The mainland’s assistance focuses on improving Hong Kong’s virus-screening capacity, providing medical supplies such as the rapid antigen test kits, building makeshift community isolation and treatment facilities, ensuring the supply of daily necessities, and dispatching medical experts and supporting staff to the city, all of which are conducted under an anti-pandemic work coordination mechanism, which is led by the Hong Kong and Macao Affairs Office of the State Council and the National Health Commission involving central government departments, the Guangdong provincial government and the HKSAR government.
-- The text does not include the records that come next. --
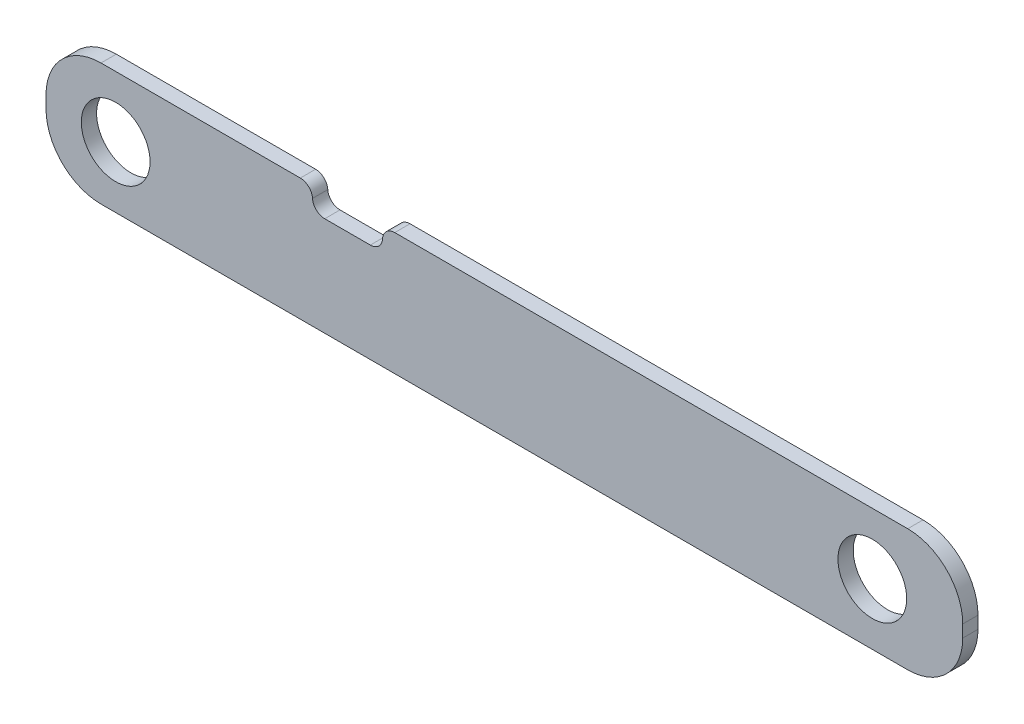
ISO-10303-21;
HEADER;
FILE_DESCRIPTION(('STEP AP214'),'2;1');
FILE_NAME('part.step','',(''),(''),'','','');
FILE_SCHEMA(('AUTOMOTIVE_DESIGN { 1 0 10303 214 1 1 1 1 }'));
ENDSEC;
DATA;
#1=APPLICATION_CONTEXT('core data for automotive mechanical design processes');
#2=APPLICATION_PROTOCOL_DEFINITION('international standard','automotive_design',2000,#1);
#3=PRODUCT_CONTEXT('',#1,'mechanical');
#4=PRODUCT('Part','Part','',(#3));
#5=PRODUCT_RELATED_PRODUCT_CATEGORY('part','',(#4));
#6=PRODUCT_DEFINITION_FORMATION('','',#4);
#7=PRODUCT_DEFINITION_CONTEXT('part definition',#1,'design');
#8=PRODUCT_DEFINITION('design','',#6,#7);
#9=PRODUCT_DEFINITION_SHAPE('','',#8);
#10=(LENGTH_UNIT() NAMED_UNIT(*) SI_UNIT(.MILLI.,.METRE.));
#11=(NAMED_UNIT(*) PLANE_ANGLE_UNIT() SI_UNIT($,.RADIAN.));
#12=(NAMED_UNIT(*) SI_UNIT($,.STERADIAN.) SOLID_ANGLE_UNIT());
#13=UNCERTAINTY_MEASURE_WITH_UNIT(LENGTH_MEASURE(1.E-05),#10,'distance_accuracy_value','');
#14=(GEOMETRIC_REPRESENTATION_CONTEXT(3) GLOBAL_UNCERTAINTY_ASSIGNED_CONTEXT((#13)) GLOBAL_UNIT_ASSIGNED_CONTEXT((#10,
#11,#12)) REPRESENTATION_CONTEXT('',''));
#15=CARTESIAN_POINT('',(0.,0.,0.));
#16=DIRECTION('',(0.,0.,1.));
#17=DIRECTION('',(1.,0.,0.));
#18=AXIS2_PLACEMENT_3D('',#15,#16,#17);
#19=CARTESIAN_POINT('',(-237.22641509434,105.433962264151,6.35));
#20=DIRECTION('',(0.,-1.,0.));
#21=DIRECTION('',(0.,0.,-1.));
#22=AXIS2_PLACEMENT_3D('',#19,#20,#21);
#23=PLANE('',#22);
#24=DIRECTION('',(-1.,0.,0.));
#25=VECTOR('',#24,1.);
#26=CARTESIAN_POINT('',(-237.22641509434,105.433962264151,0.));
#27=LINE('',#26,#25);
#28=CARTESIAN_POINT('',(120.91358490566,105.433962264151,0.));
#29=VERTEX_POINT('',#28);
#30=CARTESIAN_POINT('',(-92.2791363600619,105.433962264151,0.));
#31=VERTEX_POINT('',#30);
#32=EDGE_CURVE('E158',#29,#31,#27,.T.);
#33=ORIENTED_EDGE('',*,*,#32,.T.);
#34=DIRECTION('',(0.,0.,1.));
#35=VECTOR('',#34,1.);
#36=CARTESIAN_POINT('',(-92.2791363600619,105.433962264151,6.35));
#37=LINE('',#36,#35);
#38=CARTESIAN_POINT('',(-92.2791363600619,105.433962264151,6.35));
#39=VERTEX_POINT('',#38);
#40=EDGE_CURVE('E239',#31,#39,#37,.T.);
#41=ORIENTED_EDGE('',*,*,#40,.T.);
#42=DIRECTION('',(-1.,0.,0.));
#43=VECTOR('',#42,1.);
#44=CARTESIAN_POINT('',(-237.22641509434,105.433962264151,6.35));
#45=LINE('',#44,#43);
#46=CARTESIAN_POINT('',(120.91358490566,105.433962264151,6.35));
#47=VERTEX_POINT('',#46);
#48=EDGE_CURVE('E161',#47,#39,#45,.T.);
#49=ORIENTED_EDGE('',*,*,#48,.F.);
#50=DIRECTION('',(0.,0.,-1.));
#51=VECTOR('',#50,1.);
#52=CARTESIAN_POINT('',(120.91358490566,105.433962264151,6.35));
#53=LINE('',#52,#51);
#54=EDGE_CURVE('E146',#47,#29,#53,.T.);
#55=ORIENTED_EDGE('',*,*,#54,.T.);
#56=EDGE_LOOP('',(#33,#41,#49,#55));
#57=FACE_BOUND('',#56,.T.);
#58=ADVANCED_FACE('F39',(#57),#23,.F.);
#59=CARTESIAN_POINT('',(-237.22641509434,105.433962264151,6.35));
#60=DIRECTION('',(1.,0.,0.));
#61=DIRECTION('',(0.,1.,0.));
#62=AXIS2_PLACEMENT_3D('',#59,#60,#61);
#63=PLANE('',#62);
#64=DIRECTION('',(0.,-1.,0.));
#65=VECTOR('',#64,1.);
#66=CARTESIAN_POINT('',(-237.22641509434,105.433962264151,6.35));
#67=LINE('',#66,#65);
#68=CARTESIAN_POINT('',(-237.22641509434,82.5739622641509,6.35));
#69=VERTEX_POINT('',#68);
#70=CARTESIAN_POINT('',(-237.22641509434,77.4939622641509,6.35));
#71=VERTEX_POINT('',#70);
#72=EDGE_CURVE('E168',#69,#71,#67,.T.);
#73=ORIENTED_EDGE('',*,*,#72,.F.);
#74=DIRECTION('',(0.,0.,-1.));
#75=VECTOR('',#74,1.);
#76=CARTESIAN_POINT('',(-237.22641509434,82.5739622641509,6.35));
#77=LINE('',#76,#75);
#78=CARTESIAN_POINT('',(-237.22641509434,82.5739622641509,0.));
#79=VERTEX_POINT('',#78);
#80=EDGE_CURVE('E214',#69,#79,#77,.T.);
#81=ORIENTED_EDGE('',*,*,#80,.T.);
#82=DIRECTION('',(0.,-1.,0.));
#83=VECTOR('',#82,1.);
#84=CARTESIAN_POINT('',(-237.22641509434,105.433962264151,0.));
#85=LINE('',#84,#83);
#86=CARTESIAN_POINT('',(-237.22641509434,77.4939622641509,0.));
#87=VERTEX_POINT('',#86);
#88=EDGE_CURVE('E278',#79,#87,#85,.T.);
#89=ORIENTED_EDGE('',*,*,#88,.T.);
#90=DIRECTION('',(0.,0.,-1.));
#91=VECTOR('',#90,1.);
#92=CARTESIAN_POINT('',(-237.22641509434,77.4939622641509,6.35));
#93=LINE('',#92,#91);
#94=EDGE_CURVE('E207',#87,#71,#93,.F.);
#95=ORIENTED_EDGE('',*,*,#94,.T.);
#96=EDGE_LOOP('',(#73,#81,#89,#95));
#97=FACE_BOUND('',#96,.T.);
#98=ADVANCED_FACE('F305',(#97),#63,.F.);
#99=CARTESIAN_POINT('',(-237.22641509434,54.6339622641509,6.35));
#100=DIRECTION('',(0.,1.,0.));
#101=DIRECTION('',(-1.,0.,0.));
#102=AXIS2_PLACEMENT_3D('',#99,#100,#101);
#103=PLANE('',#102);
#104=DIRECTION('',(1.,0.,0.));
#105=VECTOR('',#104,1.);
#106=CARTESIAN_POINT('',(-237.22641509434,54.6339622641509,6.35));
#107=LINE('',#106,#105);
#108=CARTESIAN_POINT('',(-214.36641509434,54.6339622641509,6.35));
#109=VERTEX_POINT('',#108);
#110=CARTESIAN_POINT('',(120.91358490566,54.633962264151,6.35));
#111=VERTEX_POINT('',#110);
#112=EDGE_CURVE('E173',#109,#111,#107,.T.);
#113=ORIENTED_EDGE('',*,*,#112,.F.);
#114=DIRECTION('',(0.,0.,-1.));
#115=VECTOR('',#114,1.);
#116=CARTESIAN_POINT('',(-214.36641509434,54.6339622641509,6.35));
#117=LINE('',#116,#115);
#118=CARTESIAN_POINT('',(-214.36641509434,54.6339622641509,0.));
#119=VERTEX_POINT('',#118);
#120=EDGE_CURVE('E199',#109,#119,#117,.T.);
#121=ORIENTED_EDGE('',*,*,#120,.T.);
#122=DIRECTION('',(1.,0.,0.));
#123=VECTOR('',#122,1.);
#124=CARTESIAN_POINT('',(-237.22641509434,54.6339622641509,0.));
#125=LINE('',#124,#123);
#126=CARTESIAN_POINT('',(120.91358490566,54.633962264151,0.));
#127=VERTEX_POINT('',#126);
#128=EDGE_CURVE('E280',#119,#127,#125,.T.);
#129=ORIENTED_EDGE('',*,*,#128,.T.);
#130=DIRECTION('',(0.,0.,-1.));
#131=VECTOR('',#130,1.);
#132=CARTESIAN_POINT('',(120.91358490566,54.633962264151,6.35));
#133=LINE('',#132,#131);
#134=EDGE_CURVE('E192',#127,#111,#133,.F.);
#135=ORIENTED_EDGE('',*,*,#134,.T.);
#136=EDGE_LOOP('',(#113,#121,#129,#135));
#137=FACE_BOUND('',#136,.T.);
#138=ADVANCED_FACE('F294',(#137),#103,.F.);
#139=CARTESIAN_POINT('',(143.77358490566,105.433962264151,6.35));
#140=DIRECTION('',(-1.,0.,0.));
#141=DIRECTION('',(0.,-1.,0.));
#142=AXIS2_PLACEMENT_3D('',#139,#140,#141);
#143=PLANE('',#142);
#144=DIRECTION('',(0.,1.,0.));
#145=VECTOR('',#144,1.);
#146=CARTESIAN_POINT('',(143.77358490566,105.433962264151,6.35));
#147=LINE('',#146,#145);
#148=CARTESIAN_POINT('',(143.77358490566,77.493962264151,6.35));
#149=VERTEX_POINT('',#148);
#150=CARTESIAN_POINT('',(143.77358490566,82.5739622641509,6.35));
#151=VERTEX_POINT('',#150);
#152=EDGE_CURVE('E271',#149,#151,#147,.T.);
#153=ORIENTED_EDGE('',*,*,#152,.F.);
#154=DIRECTION('',(0.,0.,-1.));
#155=VECTOR('',#154,1.);
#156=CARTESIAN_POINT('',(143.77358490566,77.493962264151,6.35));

The success of the mainland’s anti-pandemic efforts lies not only on comprehensive, strategic planning but also on the ability to mobilize assistance from across the country. Once an outbreak occurred in a certain place, a large number of medical personnel and a huge volume of supplies were marshaled and then dispatched to that area in no time. As a result, sufficient medical staff were deployed, who worked in shifts so that each sampling point could perform testing 24/7; and sufficient quarantine and treatment facilities were made available to accommodate every close contact or confirmed patient. Meanwhile, a volunteer team consisting of local Communist Party members, community organizers, ordinary citizens, etc., was assembled to serve the various needs of the community so that local residents could easily observe the quarantine rules. This countrywide response and cooperation facilitated an overwhelming power or synergy that helped the affected area win the race against the coronavirus soon enough to prevent a large-scale outbreak.

Ferocious as the fifth wave of the COVID-19 outbreak is, Hong Kong can defeat it with the strong backing of the central government, which once again proved that it can be counted on whenever Hong Kong is in need of a helping hand, such as during the water crisis in the 1960s, the Asian financial crisis in 1997-98, and now the COVID-19 pandemic.

The author is a Hong Kong member of the National Committee of the Chinese People’s Political Consultative Conference and chairman of the Hong Kong New Era Development Thinktank.

The views do not necessarily reflect those of China Daily.